Finding a (local) minimum in the potential energy is difficult because it is highly non-linear in the positions of all the particles. This non-linearity mainly comes from the opening and closing of contacts, but also, in a lesser extent due to particles rotating around and sliding past each other. Furthermore, realistic granular systems consist of countless numbers of particles, leading to a huge number of degrees of freedom, making the minimization problem computational expensive.

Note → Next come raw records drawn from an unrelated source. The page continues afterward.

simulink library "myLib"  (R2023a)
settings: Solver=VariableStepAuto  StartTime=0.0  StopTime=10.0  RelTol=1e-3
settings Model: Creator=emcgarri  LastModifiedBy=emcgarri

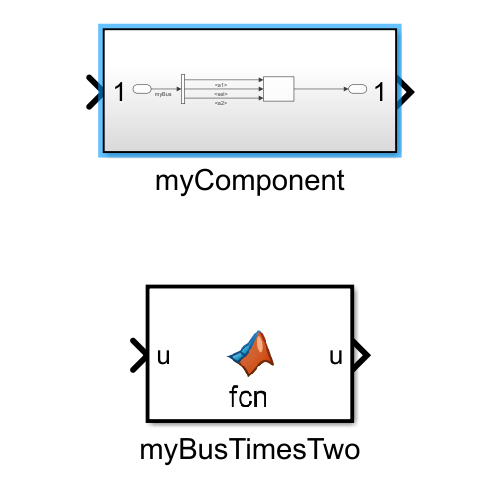
[thumbnail: Simulink's stored preview of the top-level diagram]
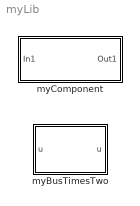
== system myLib ==
  myBusTimesTwo : MATLAB Function  TreatAsAtomicUnit=on
  myComponent : Subsystem

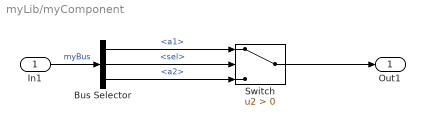
== system myLib/myComponent ==
  In1 : Inport  OutDataTypeStr=Bus: myBus
  Bus Selector : BusSelector  OutputSignals=a1,sel,a2
  Switch : Switch  Criteria=u2 > Threshold  SaturateOnIntegerOverflow=off  InputSameDT=off
  Out1 : Outport
  wires:
  In1/1 -> Bus Selector/1  "myBus"
  Bus Selector/2 -> Switch/2  "<sel>"
  Bus Selector/1 -> Switch/1  "<a1>"
  Bus Selector/3 -> Switch/3  "<a2>"
  Switch/1 -> Out1/1

== matlab function myLib/myBusTimesTwo ==
  data: u input Bus: myBus; u output
function u = fcn(u)
% Double the a1 and a2 fields
  u.a1 = u.a1 * 2;
  u.a2 = u.a2 * 2;
end
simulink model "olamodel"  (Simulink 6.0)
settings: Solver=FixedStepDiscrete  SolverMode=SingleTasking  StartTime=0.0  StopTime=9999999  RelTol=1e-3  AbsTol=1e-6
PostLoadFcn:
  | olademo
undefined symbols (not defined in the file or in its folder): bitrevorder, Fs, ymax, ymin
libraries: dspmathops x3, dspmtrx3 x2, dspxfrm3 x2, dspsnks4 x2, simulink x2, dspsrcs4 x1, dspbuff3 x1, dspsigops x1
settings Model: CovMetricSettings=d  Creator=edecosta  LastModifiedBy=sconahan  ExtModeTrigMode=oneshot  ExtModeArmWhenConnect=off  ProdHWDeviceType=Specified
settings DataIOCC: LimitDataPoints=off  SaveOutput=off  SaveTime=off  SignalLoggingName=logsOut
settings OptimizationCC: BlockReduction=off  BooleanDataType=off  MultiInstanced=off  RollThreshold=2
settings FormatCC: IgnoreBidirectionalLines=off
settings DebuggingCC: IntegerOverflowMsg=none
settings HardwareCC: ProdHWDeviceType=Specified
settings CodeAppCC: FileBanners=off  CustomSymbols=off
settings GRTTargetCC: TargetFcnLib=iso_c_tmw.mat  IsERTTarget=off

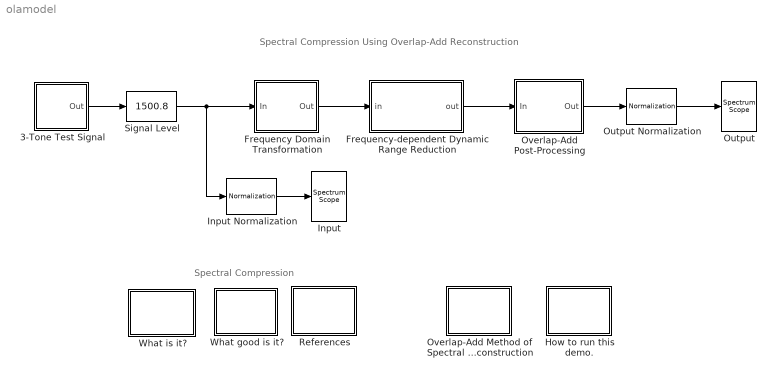
== system olamodel ==
  note: Spectral Compression
  note: Spectral Compression
      | Using Overlap-Add Reconstruction
  3-Tone Test Signal : Subsystem
  Frequency Domain Transformation : Subsystem
  Frequency-dependent Dynamic Range Reduction : Subsystem
      mask Type: Complex Compression
      mask Display: disp('Frequency\n\nCompression');
  How to run this demo. : Subsystem
      mask Display: disp('Double\nClick\nHere')
  Input : dspsnks4/Spectrum Scope  ScopeProperties=on  Domain=Frequency  HorizSpan=1  UseBuffer=off  BufferSize=128  Overlap=64  inpFftLenInherit=off  FFTlength=64  numAvg=2  DisplayProperties=off  AxisGrid=on  Memory=off  FrameNumber=off  AxisLegend=off  AxisZoom=on  OpenScopeAtSimStart=on  OpenScopeImmediately=off  FigPos=[50 147 414 338]  AxisProperties=off  XUnits=Hertz  XRange=[0...Fs/2]  InheritXIncr=on  XIncr=1  XLabel=Samples  YUnits=Magnitude  YLabel=Magnitude  LineProperties=off
      settings: YMin=0  YMax=0.12
  Input Normalization : dspmathops/Normalization  NormType=2-norm  Bias=1e-10  roundingMode=Floor  overflowMode=off
  Output : dspsnks4/Spectrum Scope  ScopeProperties=on  Domain=Frequency  HorizSpan=1  UseBuffer=off  BufferSize=128  Overlap=64  inpFftLenInherit=off  FFTlength=64  numAvg=2  DisplayProperties=off  AxisGrid=on  Memory=off  FrameNumber=off  AxisLegend=off  AxisZoom=on  OpenScopeAtSimStart=on  OpenScopeImmediately=off  FigPos=[500 147 415 337]  AxisProperties=off  XUnits=Hertz  XRange=[0...Fs/2]  InheritXIncr=on  XIncr=1  XLabel=Samples  YUnits=Magnitude  YLabel=Magnitude  LineProperties=off
      settings: YMin=0  YMax=0.12
  Output Normalization : dspmathops/Normalization  NormType=2-norm  Bias=1e-10  roundingMode=Floor  overflowMode=off
  Overlap-Add Post-Processing : Subsystem
  Overlap-Add Method of Spectral Reconstruction : Subsystem
      mask Display: disp('Double\nClick\nHere')
  References : Subsystem
      mask Display: disp('Double\nClick\nHere')
  Signal Level : simulink/Math Operations/Slider Gain  low=1  gain=1500.8  high=7500
  What good is it? : Subsystem
      mask Display: disp('Double\nClick\nHere')
  What is it? : Subsystem
      mask Display: disp('Double\nClick\nHere')
  wires:
  Frequency Domain Transformation/1(Out) -> Frequency-dependent Dynamic Range Reduction/1(in)
  Frequency-dependent Dynamic Range Reduction/1(out) -> Overlap-Add Post-Processing/1(In)
  3-Tone Test Signal/1(Out) -> Signal Level/1
  Input Normalization/1 -> Input/1
  Output Normalization/1 -> Output/1
  Overlap-Add Post-Processing/1(Out) -> Output Normalization/1
  Signal Level/1 -> Input Normalization/1, Frequency Domain Transformation/1(In)

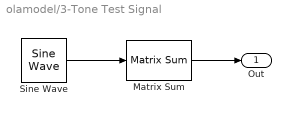
== system olamodel/3-Tone Test Signal ==
  Matrix Sum : dspmtrx3/Matrix Sum  Dim=Rows  roundingMode=Floor  overflowMode=off
  Sine Wave : dspsrcs4/Sine Wave  Amplitude=1  Frequency=[1024 2048 3072]  Phase=0  SampleMode=Discrete  OutComplex=Real  CompMethod=Trigonometric fcn  TableSize=Speed  SampleTime=1/Fs  SamplesPerFrame=64  dataType=double  wordLen=16  udDataType=sfix(16)  fracBitsMode=Best precision  numFracBits=15  ResetState=Restart at time zero
  Out : Outport
  wires:
  Sine Wave/1 -> Matrix Sum/1
  Matrix Sum/1 -> Out/1

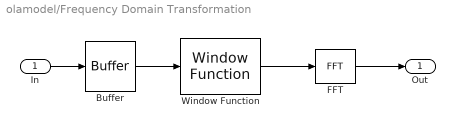
== system olamodel/Frequency Domain Transformation ==
  In : Inport
  Buffer : dspbuff3/Buffer  N=256  V=192  ic=0
  FFT : dspxfrm3/FFT  CompMethod=Table lookup  TableOpt=Speed  BitRevOrder=on  SkipNorm=off  firstCoeffMode=User-defined  firstCoeffWordLength=16  firstCoeffFracLength=15  roundingMode=Floor  overflowMode=off
  Window Function : dspsigops/Window Function  winmode=Apply window to input  wintype=Hamming  sampmode=Continuous  samptime=1  N=64  Rs=50  beta=10  winsamp=Symmetric  UserWindow=hamming  OptParams=off  UserParams={1.0}  dataType=double  wordLen=16  udDataType=sfix(16)  fracBitsMode=Best precision  numFracBits=15  roundingMode=Floor  overflowMode=off
  Out : Outport
  wires:
  Buffer/1 -> Window Function/1
  Window Function/1 -> FFT/1
  In/1 -> Buffer/1
  FFT/1 -> Out/1

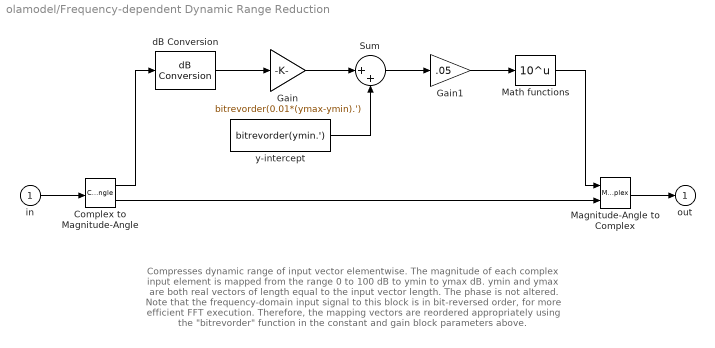
== system olamodel/Frequency-dependent Dynamic Range Reduction ==
  note: Compresses dynamic range of input vector elementwise.
      |
      |  The magnitude of each complex input element is mapped from the range
      |  0 to 100 dB to ymin to ymax dB. ymin and ymax are both real vectors
      | of length equal to the input vector length.  The phase is not altered.
      |
      | Note that the frequency-domain input signal to this block is in
      | bit-reversed order, for more efficient FFT execution.  Therefore, the
      | mapping vectors are reordered appropriately using the "bitrevorder"
      | function in the constant and gain block parameters above.
  in : Inport
  Complex to Magnitude-Angle : ComplexToMagnitudeAngle
  Gain : Gain  Gain=bitrevorder(0.01*(ymax-ymin).')  SaturateOnIntegerOverflow=on
  Gain1 : Gain  Gain=.05  SaturateOnIntegerOverflow=on
  Magnitude-Angle to Complex : MagnitudeAngleToComplex
  Math functions : Math  Operator=10^u  SaturateOnIntegerOverflow=on
  Sum : Sum  Inputs=|++  SaturateOnIntegerOverflow=on  InputSameDT=on
  dB Conversion : dspmathops/dB Conversion  dBtype=dB  intype=Amplitude  R=1  fuzz=on
  y-intercept : Constant  Value=bitrevorder(ymin.')  VectorParams1D=off
  out : Outport  InitialOutput=0
  wires:
  Complex to Magnitude-Angle/2 -> Magnitude-Angle to Complex/2
  in/1 -> Complex to Magnitude-Angle/1
  Magnitude-Angle to Complex/1 -> out/1
  dB Conversion/1 -> Gain/1
  Gain/1 -> Sum/1
  Sum/1 -> Gain1/1
  y-intercept/1 -> Sum/2
  Gain1/1 -> Math functions/1
  Complex to Magnitude-Angle/1 -> dB Conversion/1
  Math functions/1 -> Magnitude-Angle to Complex/1

== system olamodel/How to run this demo. ==
  note: After repositioning the input and output figures
      | so you can see them at the same time, change
      | the Slider Gain from 1 to 1000 to 10000.
      | Notice the relative heights of the output peaks
      | change as you increase the magnitude.
  note: To use this system to demonstrate frequency
      | dependent dynamic range compression, start
      | the simulation.

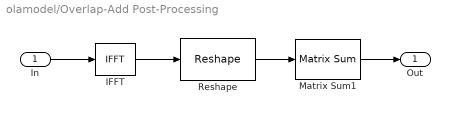
== system olamodel/Overlap-Add Post-Processing ==
  In : Inport
  IFFT : dspxfrm3/IFFT  CompMethod=Table lookup  TableOpt=Speed  BitRevOrder=on  cs_in=on  SkipNorm=off  mode=Real  firstCoeffMode=User-defined  firstCoeffWordLength=16  firstCoeffFracLength=15  roundingMode=Floor  overflowMode=off
  Matrix Sum1 : dspmtrx3/Matrix Sum  Dim=Rows  roundingMode=Floor  overflowMode=off
  Reshape : simulink/Math Operations/Reshape  OutputDimensionality=Customize  OutputDimensions=[64 4]
  Out : Outport
  wires:
  Reshape/1 -> Matrix Sum1/1
  IFFT/1 -> Reshape/1
  Matrix Sum1/1 -> Out/1
  In/1 -> IFFT/1

== system olamodel/Overlap-Add Method of Spectral Reconstruction ==
  note: This system decomposes the input
      | signal into overlapping sections of
      | length 256.  The overlap is 192, so
      | that every 64 samples, a new section
      | is defined and a new FFT is computed.
  note: After the spectrum is modified and the
      | inverse FFT is computed, the overlapping
      | parts of the sections are added together.
      | If no spectral modification is performed,
      | the output is a scaled replica of the input.

== system olamodel/References ==
  note: A reference for the OLA method is:
      | Rabiner, L. R. and R. W. Schafer.
      | Digital Processing of Speech Signals.
      | Englewood Cliffs, NJ: Prentice Hall,
      | 1978, pgs. 274-277.
  note: The system was developed by
      | Alvin M. Terry and Thomas P. Krauss
      | at US West Advanced Technologies Inc.,
      | US patent number 5,388,185.
  note: The algorithm in this simulation is derived
      | from a patented system for adaptive
      | processing of telephone voice signals for
      | the hearing impaired.

== system olamodel/What good is it? ==
  note: After repositioning the input and output figures
      | so you can see them at the same time, change
      | the Slider Gain from 1 to 1000 to 10000.
      | Notice the relative heights of the output peaks
      | change as you increase the magnitude.
  note: By compressing the dynamic range at certain
      | frequencies, the listener should be able to
      | perceive quieter sounds without being blasted
      | out when they get loud, as in linear equalization.
  note: This system might be used as a speech
      | enhancement system for the hearing impaired.

== system olamodel/What is it? ==
  note: Compression maps the dynamic range of
      | the magnitude at each frequency bin from
      | the range 0 to 100 dB to the range ymin
      | to ymax dB.  ymin and ymax are vectors
      | in the MATLAB workspace with one ele-
      | ment for each frequency bin (256 long in
      | this case).  The phase is not altered.  This
      | is a non-linear spectral modification

One method which is quite capable of solving those kind of problems is the trust-region approach coupled to Steihaugs algorithm for solving the trust-region problem [19, 20]. Both are described in Sects. 2.2 and 2.3 respectively, however, these methods require the Jacobian (first derivative or force vector) and Hessian (second derivative or stiffness matrix, in more dynamic situations related to the dynamic matrix) of the system to be known and we shall derive them first.

2.1 Jacobian and Hessian

For a single contact c, the potential energy is defined as

$$\begin{aligned} E_c=\frac{1}{2} k\delta _c^2, \end{aligned}$$
(2)

with \(\delta _c\) the overlap, which is defined as

$$\begin{aligned} \delta _c=\left| \mathbf {x}_1-\mathbf {x}_2\right| -r_1-r_2, \end{aligned}$$
(3)

where \(\mathbf {x}_1\) and \(\mathbf {x}_2\) are the positions of particle 1 and 2 and \(r_1\) and \(r_2\) their respective radii. The first derivatives of the single contact potential energy are thus

$$\begin{aligned} \frac{\partial E_c}{\partial \mathbf {x}_1}&=\quad \mathbf {f}_c=\quad k\delta _c \mathbf {n}_c \nonumber \\ \frac{\partial E_c}{\partial \mathbf {x}_2}&=-\mathbf {f}_c=-k\delta _c \mathbf {n}_c, \end{aligned}$$
(4)

with

$$\begin{aligned} \mathbf {n}_c=\frac{\mathbf {x}_1-\mathbf {x}_2}{L_c}. \end{aligned}$$
(5)

and

$$\begin{aligned} L_c=\left| \mathbf {x}_1-\mathbf {x}_2\right| . \end{aligned}$$
(6)

The second derivatives

$$\begin{aligned}&\frac{\partial E_c}{\partial \mathbf {x}_1 \partial \mathbf {x}_1}=\frac{\partial E_c}{\partial \mathbf {x}_2 \partial \mathbf {x}_2}\nonumber \\&\quad =\bar{\bar{K}}_c=k\left( \mathbf {n}_c\otimes \mathbf {n}_c\left( 1-\frac{\delta _c}{L_c}\right) +\bar{\bar{I}}\frac{\delta _c}{L_c}\right) \nonumber \\&\frac{\partial E_c}{\partial \mathbf {x}_1 \partial \mathbf {x}_2}=-\bar{\bar{K}}_c=-k\left( \mathbf {n}_c\otimes \mathbf {n}_c\left( 1-\frac{\delta _c}{L_c}\right) +\bar{\bar{I}}\frac{\delta _c}{L_c}\right) , \end{aligned}$$
(7)

with \(\otimes \) the dyadic product of two vectors and \(\bar{\bar{I}}\) the identity matrix. From these single contact force vector \(\mathbf {f}_c\) and stiffness matrix \(\bar{\bar{K}}_c\) we can assemble the full force vector \(\mathbf {f}\) and stiffness matrix \(\bar{\bar{K}}\) of the system and apply the minimization algorithm.

2.2 Trust-region

Trust-region methods are a general type of methods used to minimize or maximize an objective function. They assume that in a subset of the domain (i.e., the trust-region), the objective function can be modeled by a much simpler model function. If an adequate model of the objective function is found within the trust-region, the region can be expanded; conversely if the approximation is insufficient the region should be contracted.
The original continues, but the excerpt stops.